** Opening RECORDS FOR THIS EXERCISE block **
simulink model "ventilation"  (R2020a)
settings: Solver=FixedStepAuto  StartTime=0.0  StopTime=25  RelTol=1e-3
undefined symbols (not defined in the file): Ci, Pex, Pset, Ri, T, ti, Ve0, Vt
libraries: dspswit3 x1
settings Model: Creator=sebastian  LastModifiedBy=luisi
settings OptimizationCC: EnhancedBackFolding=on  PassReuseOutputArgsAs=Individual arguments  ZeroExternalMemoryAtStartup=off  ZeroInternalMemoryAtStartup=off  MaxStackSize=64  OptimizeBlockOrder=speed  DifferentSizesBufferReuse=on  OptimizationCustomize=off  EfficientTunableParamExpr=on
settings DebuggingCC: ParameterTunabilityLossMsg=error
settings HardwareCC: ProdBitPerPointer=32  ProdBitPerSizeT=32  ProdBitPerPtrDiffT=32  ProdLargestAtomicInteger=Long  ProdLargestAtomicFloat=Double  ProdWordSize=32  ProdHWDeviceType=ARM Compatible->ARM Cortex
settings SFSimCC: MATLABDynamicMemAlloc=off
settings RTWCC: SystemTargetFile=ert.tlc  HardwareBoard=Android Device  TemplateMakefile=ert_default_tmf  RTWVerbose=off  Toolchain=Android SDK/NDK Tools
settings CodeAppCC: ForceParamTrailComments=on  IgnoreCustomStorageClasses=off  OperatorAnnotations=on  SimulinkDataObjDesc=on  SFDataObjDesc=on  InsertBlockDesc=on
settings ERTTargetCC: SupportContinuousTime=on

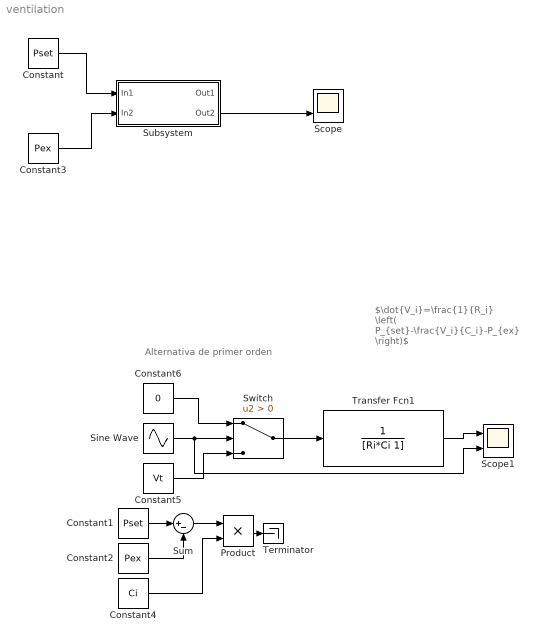
== system ventilation ==
  note: Alternativa de primer orden
  note: $\dot{V_i}=\frac{1}{R_i} \left( P_{set}-\frac{V_i}{C_i}-P_{ex} \right)$
  Constant : Constant  Value=Pset
  Constant1 : Constant  Value=Pset
  Constant2 : Constant  Value=Pex
  Constant3 : Constant  Value=Pex
  Constant4 : Constant  Value=Ci
  Constant5 : Constant  Value=Vt
  Constant6 : Constant  Value=0
  Product : Product
  Scope : Scope  NumInputPorts=2
  Scope1 : Scope  NumInputPorts=2
  Sine Wave : Sin  Frequency=0.5*pi  SampleTime=0
  Subsystem : Subsystem
  Sum : Sum  Inputs=|+-
  Switch : Switch  Criteria=u2 > Threshold
  Terminator : Terminator
  Transfer Fcn1 : TransferFcn  Denominator=[Ri*Ci 1]
  wires:
  Constant/1 -> Subsystem/1(In1)
  Constant3/1 -> Subsystem/2(In2)
  Subsystem/2(Out2) -> Scope/2
  Constant1/1 -> Sum/1
  Constant2/1 -> Sum/2
  Sum/1 -> Product/1
  Constant4/1 -> Product/2
  Constant6/1 -> Switch/1
  Switch/1 -> Transfer Fcn1/1
  Transfer Fcn1/1 -> Scope1/1
  Sine Wave/1 -> Scope1/2, Switch/2
  Constant5/1 -> Switch/3
  Product/1 -> Terminator/1

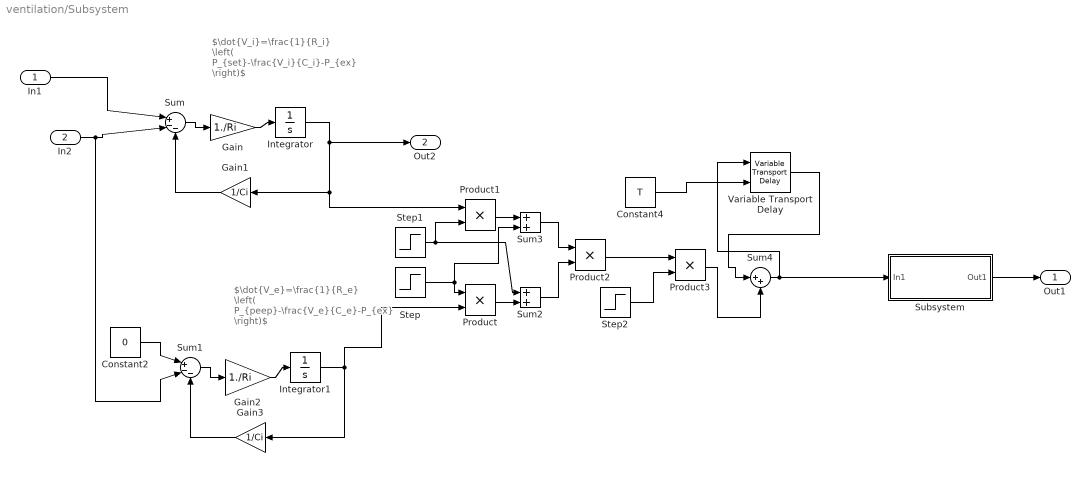
== system ventilation/Subsystem ==
  note: $\dot{V_i}=\frac{1}{R_i} \left( P_{set}-\frac{V_i}{C_i}-P_{ex} \right)$
  note: $\dot{V_e}=\frac{1}{R_e} \left( P_{peep}-\frac{V_e}{C_e}-P_{ex} \right)$
  In1 : Inport
  In2 : Inport  Port=2
  Constant2 : Constant  Value=0
  Constant4 : Constant  Value=T
  Gain : Gain  Gain=1./Ri
  Gain1 : Gain  Gain=1/Ci
  Gain2 : Gain  Gain=1./Ri
  Gain3 : Gain  Gain=1/Ci
  Integrator : Integrator
  Integrator1 : Integrator  InitialCondition=Ve0
  Product{,1..3} (4 alike) : Product
  Step : Step  Time=ti  SampleTime=0
  Step1 : Step  Time=ti  Before=1  After=0  SampleTime=0
  Step2 : Step  Time=T  Before=1  After=0  SampleTime=0
  Subsystem : Subsystem
  Sum : Sum  Inputs=|+--
  Sum1 : Sum  Inputs=|+--
  Sum2 : Sum
  Sum3 : Sum
  Sum4 : Sum  Inputs=|++
  Variable Transport Delay : VariableTransportDelay  VariableDelayType=Variable transport delay  MaximumDelay=10
  Out1 : Outport
  Out2 : Outport  Port=2
  wires:
  Sum3/1 -> Product2/1
  Constant4/1 -> Variable Transport Delay/2
  Sum2/1 -> Product2/2
  Gain3/1 -> Sum1/3
  Integrator1/1 -> Product/2, Gain3/1
  Product2/1 -> Product3/1
  Product1/1 -> Sum3/1
  Step2/1 -> Product3/2
  Product3/1 -> Sum4/2
  Integrator/1 -> Product1/1, Gain1/1, Out2/1
  Step/1 -> Product/1, Sum3/2
  Product/1 -> Sum2/2
  Sum4/1 -> Variable Transport Delay/1, Subsystem/1(In1)
  Gain2/1 -> Integrator1/1
  Variable Transport Delay/1 -> Sum4/1
  Gain1/1 -> Sum/3
  Subsystem/1(Out1) -> Out1/1
  Sum1/1 -> Gain2/1
  Step1/1 -> Sum2/1, Product1/2
  In2/1 -> Sum1/2, Sum/2
  Constant2/1 -> Sum1/1
  Gain/1 -> Integrator/1
  Sum/1 -> Gain/1
  In1/1 -> Sum/1

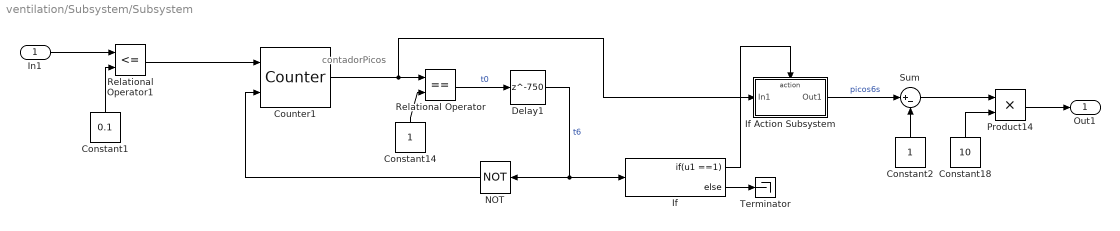
== system ventilation/Subsystem/Subsystem ==
  note: contadorPicos
  In1 : Inport
  Constant1 : Constant  Value=0.1
  Constant14 : Constant
  Constant18 : Constant  Value=10
  Constant2 : Constant
  Counter1 : dspswit3/Counter  Direction=Up  CountEvent=Rising edge  CounterSize=User defined  MaxCount=100  InitialCount=0  Output=Count  HitValue=32  ResetInput=on  SamplesPerFrame=1  Ts=1  CntDtype=double  HitDtype=Logical
  Delay1 : Delay  DelayLength=750  SampleTime=0.008
  If : If  IfExpression=u1 ==1
  If Action Subsystem : Subsystem  TreatAsAtomicUnit=on
  NOT : Logic  Operator=NOT  IconShape=distinctive  AllPortsSameDT=off  OutDataTypeStr=boolean
  Product14 : Product
  Relational Operator : RelationalOperator  Operator===  OutDataTypeStr=boolean  RndMeth=Simplest
  Relational Operator1 : RelationalOperator  Operator=<=  OutDataTypeStr=boolean  RndMeth=Simplest
  Sum : Sum  Inputs=|+-
  Terminator : Terminator
  Out1 : Outport
  wires:
  Relational Operator1/1 -> Counter1/1
  Relational Operator/1 -> Delay1/1  "t0"
  Product14/1 -> Out1/1
  If/2 -> Terminator/1
  Constant18/1 -> Product14/2
  Delay1/1 -> NOT/1, If/1  "t6"
  NOT/1 -> Counter1/2
  In1/1 -> Relational Operator1/1
  Counter1/1 -> If Action Subsystem/1(In1), Relational Operator/1
  If/1 -> If Action Subsystem/Action
  Constant14/1 -> Relational Operator/2
  Constant1/1 -> Relational Operator1/2
  If Action Subsystem/1(Out1) -> Sum/1  "picos6s"
  Sum/1 -> Product14/1
  Constant2/1 -> Sum/2

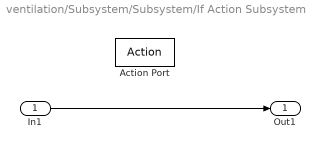
== system ventilation/Subsystem/Subsystem/If Action Subsystem ==
  In1 : Inport
  Action Port : ActionPort  ActionPortLabel=if(u1 ==1)
  Out1 : Outport
  wires:
  In1/1 -> Out1/1
** Closing RECORDS FOR THIS EXERCISE block **
== DESCRIPTION OF THE TASK ==
For every line in the data above that holds "boolean", return the line itself.

== SOLUTION FOR THIS TASK ==
  NOT : Logic  Operator=NOT  IconShape=distinctive  AllPortsSameDT=off  OutDataTypeStr=boolean
  Relational Operator : RelationalOperator  Operator===  OutDataTypeStr=boolean  RndMeth=Simplest
  Relational Operator1 : RelationalOperator  Operator=<=  OutDataTypeStr=boolean  RndMeth=Simplest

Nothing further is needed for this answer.